(Stored items from a collection)
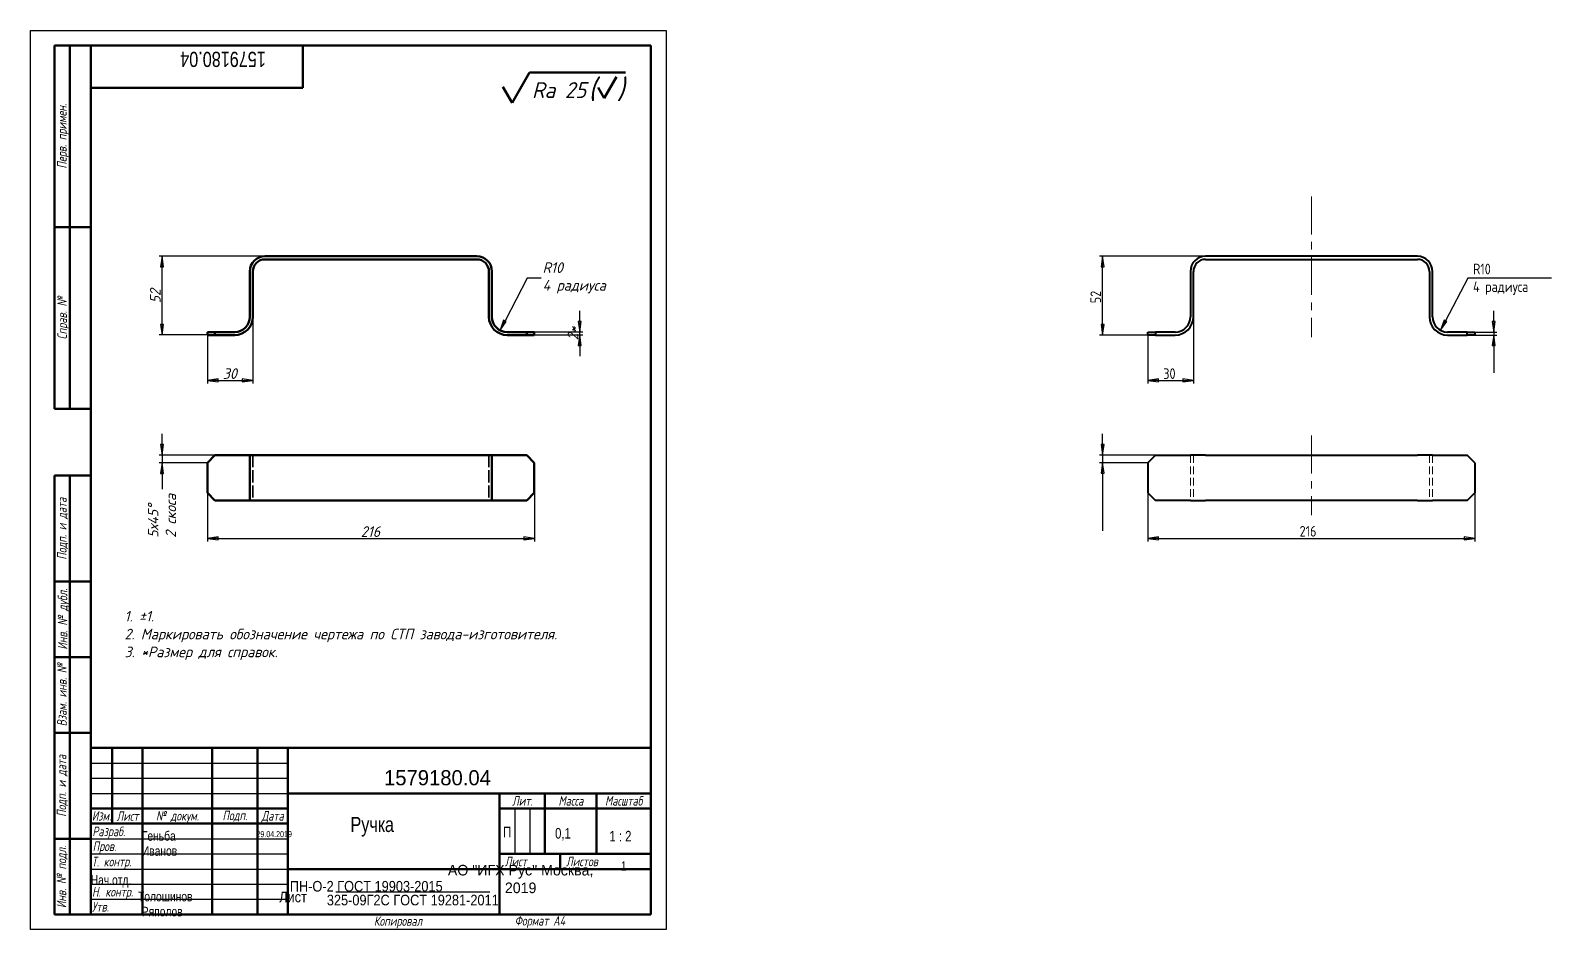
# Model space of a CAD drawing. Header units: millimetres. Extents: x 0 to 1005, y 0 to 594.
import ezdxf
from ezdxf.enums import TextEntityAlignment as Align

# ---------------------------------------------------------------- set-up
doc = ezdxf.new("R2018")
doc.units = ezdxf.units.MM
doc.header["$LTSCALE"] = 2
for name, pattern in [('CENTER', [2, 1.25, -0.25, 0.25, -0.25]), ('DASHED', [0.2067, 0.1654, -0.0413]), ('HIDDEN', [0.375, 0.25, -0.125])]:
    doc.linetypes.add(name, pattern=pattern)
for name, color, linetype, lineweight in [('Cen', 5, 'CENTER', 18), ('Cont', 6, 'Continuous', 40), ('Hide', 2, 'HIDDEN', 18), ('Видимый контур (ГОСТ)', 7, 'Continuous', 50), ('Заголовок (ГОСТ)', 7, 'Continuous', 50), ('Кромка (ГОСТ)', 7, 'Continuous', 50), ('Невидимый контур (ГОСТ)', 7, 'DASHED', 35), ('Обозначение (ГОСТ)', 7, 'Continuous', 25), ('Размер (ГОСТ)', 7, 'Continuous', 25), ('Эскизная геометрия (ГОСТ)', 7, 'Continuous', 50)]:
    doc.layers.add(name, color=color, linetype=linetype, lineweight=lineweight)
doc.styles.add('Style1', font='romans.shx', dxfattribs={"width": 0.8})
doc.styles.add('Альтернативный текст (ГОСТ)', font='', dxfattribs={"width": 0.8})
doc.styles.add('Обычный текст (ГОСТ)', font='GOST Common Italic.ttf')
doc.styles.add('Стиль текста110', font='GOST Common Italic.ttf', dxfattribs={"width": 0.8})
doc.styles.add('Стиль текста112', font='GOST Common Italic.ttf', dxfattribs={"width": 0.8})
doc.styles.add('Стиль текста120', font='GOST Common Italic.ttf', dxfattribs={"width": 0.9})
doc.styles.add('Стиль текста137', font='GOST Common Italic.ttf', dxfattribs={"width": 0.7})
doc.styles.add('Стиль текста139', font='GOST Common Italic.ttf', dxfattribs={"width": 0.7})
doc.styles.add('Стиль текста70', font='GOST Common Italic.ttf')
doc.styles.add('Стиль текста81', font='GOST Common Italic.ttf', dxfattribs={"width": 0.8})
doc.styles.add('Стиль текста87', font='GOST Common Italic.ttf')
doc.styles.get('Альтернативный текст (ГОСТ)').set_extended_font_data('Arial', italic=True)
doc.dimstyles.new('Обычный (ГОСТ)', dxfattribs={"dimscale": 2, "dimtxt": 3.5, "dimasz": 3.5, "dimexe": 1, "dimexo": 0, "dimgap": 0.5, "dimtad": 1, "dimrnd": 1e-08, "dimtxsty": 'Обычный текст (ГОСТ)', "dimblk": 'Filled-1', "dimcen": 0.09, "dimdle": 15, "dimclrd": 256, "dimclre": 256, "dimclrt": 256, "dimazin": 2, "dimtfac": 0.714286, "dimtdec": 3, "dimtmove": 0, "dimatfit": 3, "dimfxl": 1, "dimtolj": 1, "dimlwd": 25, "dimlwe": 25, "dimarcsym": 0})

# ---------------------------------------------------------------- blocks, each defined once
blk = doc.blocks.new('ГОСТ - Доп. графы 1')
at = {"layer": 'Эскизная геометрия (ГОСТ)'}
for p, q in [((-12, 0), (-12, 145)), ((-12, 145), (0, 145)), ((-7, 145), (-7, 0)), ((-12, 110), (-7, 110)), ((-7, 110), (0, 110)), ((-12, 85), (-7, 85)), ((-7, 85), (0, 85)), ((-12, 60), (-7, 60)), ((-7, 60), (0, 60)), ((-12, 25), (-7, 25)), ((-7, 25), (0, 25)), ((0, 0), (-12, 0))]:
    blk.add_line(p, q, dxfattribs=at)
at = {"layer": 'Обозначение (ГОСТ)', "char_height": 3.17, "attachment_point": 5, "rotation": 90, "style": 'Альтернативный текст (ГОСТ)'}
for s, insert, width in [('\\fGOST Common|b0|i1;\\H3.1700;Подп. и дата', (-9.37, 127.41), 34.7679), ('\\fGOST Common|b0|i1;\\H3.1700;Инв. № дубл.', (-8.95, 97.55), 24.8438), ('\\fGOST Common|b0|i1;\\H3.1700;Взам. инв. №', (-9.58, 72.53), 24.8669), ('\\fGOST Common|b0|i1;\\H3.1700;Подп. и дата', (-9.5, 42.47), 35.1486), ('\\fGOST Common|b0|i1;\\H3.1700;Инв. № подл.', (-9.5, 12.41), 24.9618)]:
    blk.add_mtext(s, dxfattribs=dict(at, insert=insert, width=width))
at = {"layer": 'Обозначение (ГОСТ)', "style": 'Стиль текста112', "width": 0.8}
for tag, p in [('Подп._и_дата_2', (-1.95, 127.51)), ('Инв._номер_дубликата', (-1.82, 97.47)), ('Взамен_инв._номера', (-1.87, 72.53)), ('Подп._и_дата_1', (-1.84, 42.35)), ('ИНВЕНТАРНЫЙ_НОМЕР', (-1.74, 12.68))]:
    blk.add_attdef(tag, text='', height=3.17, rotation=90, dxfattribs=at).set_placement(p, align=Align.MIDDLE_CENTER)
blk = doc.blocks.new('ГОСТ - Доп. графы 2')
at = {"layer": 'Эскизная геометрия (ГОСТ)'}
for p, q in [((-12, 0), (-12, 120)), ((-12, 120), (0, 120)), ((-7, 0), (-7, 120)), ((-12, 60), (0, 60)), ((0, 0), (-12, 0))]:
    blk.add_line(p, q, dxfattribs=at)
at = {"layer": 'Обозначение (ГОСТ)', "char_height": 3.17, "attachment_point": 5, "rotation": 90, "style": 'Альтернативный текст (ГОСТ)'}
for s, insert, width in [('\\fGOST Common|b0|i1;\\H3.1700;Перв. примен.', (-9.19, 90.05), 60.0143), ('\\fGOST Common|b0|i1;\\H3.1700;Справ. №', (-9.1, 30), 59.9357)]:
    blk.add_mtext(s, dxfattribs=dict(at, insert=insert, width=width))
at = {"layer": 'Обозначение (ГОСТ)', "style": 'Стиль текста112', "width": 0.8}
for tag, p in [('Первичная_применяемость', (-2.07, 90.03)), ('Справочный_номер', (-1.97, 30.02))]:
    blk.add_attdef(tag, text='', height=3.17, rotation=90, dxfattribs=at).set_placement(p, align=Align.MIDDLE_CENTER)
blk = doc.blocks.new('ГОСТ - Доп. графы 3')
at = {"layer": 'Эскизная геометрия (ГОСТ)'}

| Prompt |
Write out the entries above verbatim, without pictures.

| Response area |
# Model space of a CAD drawing. Header units: millimetres. Extents: x 0 to 1005, y 0 to 594.
import ezdxf
from ezdxf.enums import TextEntityAlignment as Align

# ---------------------------------------------------------------- set-up
doc = ezdxf.new("R2018")
doc.units = ezdxf.units.MM
doc.header["$LTSCALE"] = 2
for name, pattern in [('CENTER', [2, 1.25, -0.25, 0.25, -0.25]), ('DASHED', [0.2067, 0.1654, -0.0413]), ('HIDDEN', [0.375, 0.25, -0.125])]:
    doc.linetypes.add(name, pattern=pattern)
for name, color, linetype, lineweight in [('Cen', 5, 'CENTER', 18), ('Cont', 6, 'Continuous', 40), ('Hide', 2, 'HIDDEN', 18), ('Видимый контур (ГОСТ)', 7, 'Continuous', 50), ('Заголовок (ГОСТ)', 7, 'Continuous', 50), ('Кромка (ГОСТ)', 7, 'Continuous', 50), ('Невидимый контур (ГОСТ)', 7, 'DASHED', 35), ('Обозначение (ГОСТ)', 7, 'Continuous', 25), ('Размер (ГОСТ)', 7, 'Continuous', 25), ('Эскизная геометрия (ГОСТ)', 7, 'Continuous', 50)]:
    doc.layers.add(name, color=color, linetype=linetype, lineweight=lineweight)
doc.styles.add('Style1', font='romans.shx', dxfattribs={"width": 0.8})
doc.styles.add('Альтернативный текст (ГОСТ)', font='', dxfattribs={"width": 0.8})
doc.styles.add('Обычный текст (ГОСТ)', font='GOST Common Italic.ttf')
doc.styles.add('Стиль текста110', font='GOST Common Italic.ttf', dxfattribs={"width": 0.8})
doc.styles.add('Стиль текста112', font='GOST Common Italic.ttf', dxfattribs={"width": 0.8})
doc.styles.add('Стиль текста120', font='GOST Common Italic.ttf', dxfattribs={"width": 0.9})
doc.styles.add('Стиль текста137', font='GOST Common Italic.ttf', dxfattribs={"width": 0.7})
doc.styles.add('Стиль текста139', font='GOST Common Italic.ttf', dxfattribs={"width": 0.7})
doc.styles.add('Стиль текста70', font='GOST Common Italic.ttf')
doc.styles.add('Стиль текста81', font='GOST Common Italic.ttf', dxfattribs={"width": 0.8})
doc.styles.add('Стиль текста87', font='GOST Common Italic.ttf')
doc.styles.get('Альтернативный текст (ГОСТ)').set_extended_font_data('Arial', italic=True)
doc.dimstyles.new('Обычный (ГОСТ)', dxfattribs={"dimscale": 2, "dimtxt": 3.5, "dimasz": 3.5, "dimexe": 1, "dimexo": 0, "dimgap": 0.5, "dimtad": 1, "dimrnd": 1e-08, "dimtxsty": 'Обычный текст (ГОСТ)', "dimblk": 'Filled-1', "dimcen": 0.09, "dimdle": 15, "dimclrd": 256, "dimclre": 256, "dimclrt": 256, "dimazin": 2, "dimtfac": 0.714286, "dimtdec": 3, "dimtmove": 0, "dimatfit": 3, "dimfxl": 1, "dimtolj": 1, "dimlwd": 25, "dimlwe": 25, "dimarcsym": 0})

# ---------------------------------------------------------------- blocks, each defined once
blk = doc.blocks.new('ГОСТ - Доп. графы 1')
at = {"layer": 'Эскизная геометрия (ГОСТ)'}
for p, q in [((-12, 0), (-12, 145)), ((-12, 145), (0, 145)), ((-7, 145), (-7, 0)), ((-12, 110), (-7, 110)), ((-7, 110), (0, 110)), ((-12, 85), (-7, 85)), ((-7, 85), (0, 85)), ((-12, 60), (-7, 60)), ((-7, 60), (0, 60)), ((-12, 25), (-7, 25)), ((-7, 25), (0, 25)), ((0, 0), (-12, 0))]:
    blk.add_line(p, q, dxfattribs=at)
at = {"layer": 'Обозначение (ГОСТ)', "char_height": 3.17, "attachment_point": 5, "rotation": 90, "style": 'Альтернативный текст (ГОСТ)'}
for s, insert, width in [('\\fGOST Common|b0|i1;\\H3.1700;Подп. и дата', (-9.37, 127.41), 34.7679), ('\\fGOST Common|b0|i1;\\H3.1700;Инв. № дубл.', (-8.95, 97.55), 24.8438), ('\\fGOST Common|b0|i1;\\H3.1700;Взам. инв. №', (-9.58, 72.53), 24.8669), ('\\fGOST Common|b0|i1;\\H3.1700;Подп. и дата', (-9.5, 42.47), 35.1486), ('\\fGOST Common|b0|i1;\\H3.1700;Инв. № подл.', (-9.5, 12.41), 24.9618)]:
    blk.add_mtext(s, dxfattribs=dict(at, insert=insert, width=width))
at = {"layer": 'Обозначение (ГОСТ)', "style": 'Стиль текста112', "width": 0.8}
for tag, p in [('Подп._и_дата_2', (-1.95, 127.51)), ('Инв._номер_дубликата', (-1.82, 97.47)), ('Взамен_инв._номера', (-1.87, 72.53)), ('Подп._и_дата_1', (-1.84, 42.35)), ('ИНВЕНТАРНЫЙ_НОМЕР', (-1.74, 12.68))]:
    blk.add_attdef(tag, text='', height=3.17, rotation=90, dxfattribs=at).set_placement(p, align=Align.MIDDLE_CENTER)
blk = doc.blocks.new('ГОСТ - Доп. графы 2')
at = {"layer": 'Эскизная геометрия (ГОСТ)'}
for p, q in [((-12, 0), (-12, 120)), ((-12, 120), (0, 120)), ((-7, 0), (-7, 120)), ((-12, 60), (0, 60)), ((0, 0), (-12, 0))]:
    blk.add_line(p, q, dxfattribs=at)
at = {"layer": 'Обозначение (ГОСТ)', "char_height": 3.17, "attachment_point": 5, "rotation": 90, "style": 'Альтернативный текст (ГОСТ)'}
for s, insert, width in [('\\fGOST Common|b0|i1;\\H3.1700;Перв. примен.', (-9.19, 90.05), 60.0143), ('\\fGOST Common|b0|i1;\\H3.1700;Справ. №', (-9.1, 30), 59.9357)]:
    blk.add_mtext(s, dxfattribs=dict(at, insert=insert, width=width))
at = {"layer": 'Обозначение (ГОСТ)', "style": 'Стиль текста112', "width": 0.8}
for tag, p in [('Первичная_применяемость', (-2.07, 90.03)), ('Справочный_номер', (-1.97, 30.02))]:
    blk.add_attdef(tag, text='', height=3.17, rotation=90, dxfattribs=at).set_placement(p, align=Align.MIDDLE_CENTER)
blk = doc.blocks.new('ГОСТ - Доп. графы 3')
at = {"layer": 'Эскизная геометрия (ГОСТ)'}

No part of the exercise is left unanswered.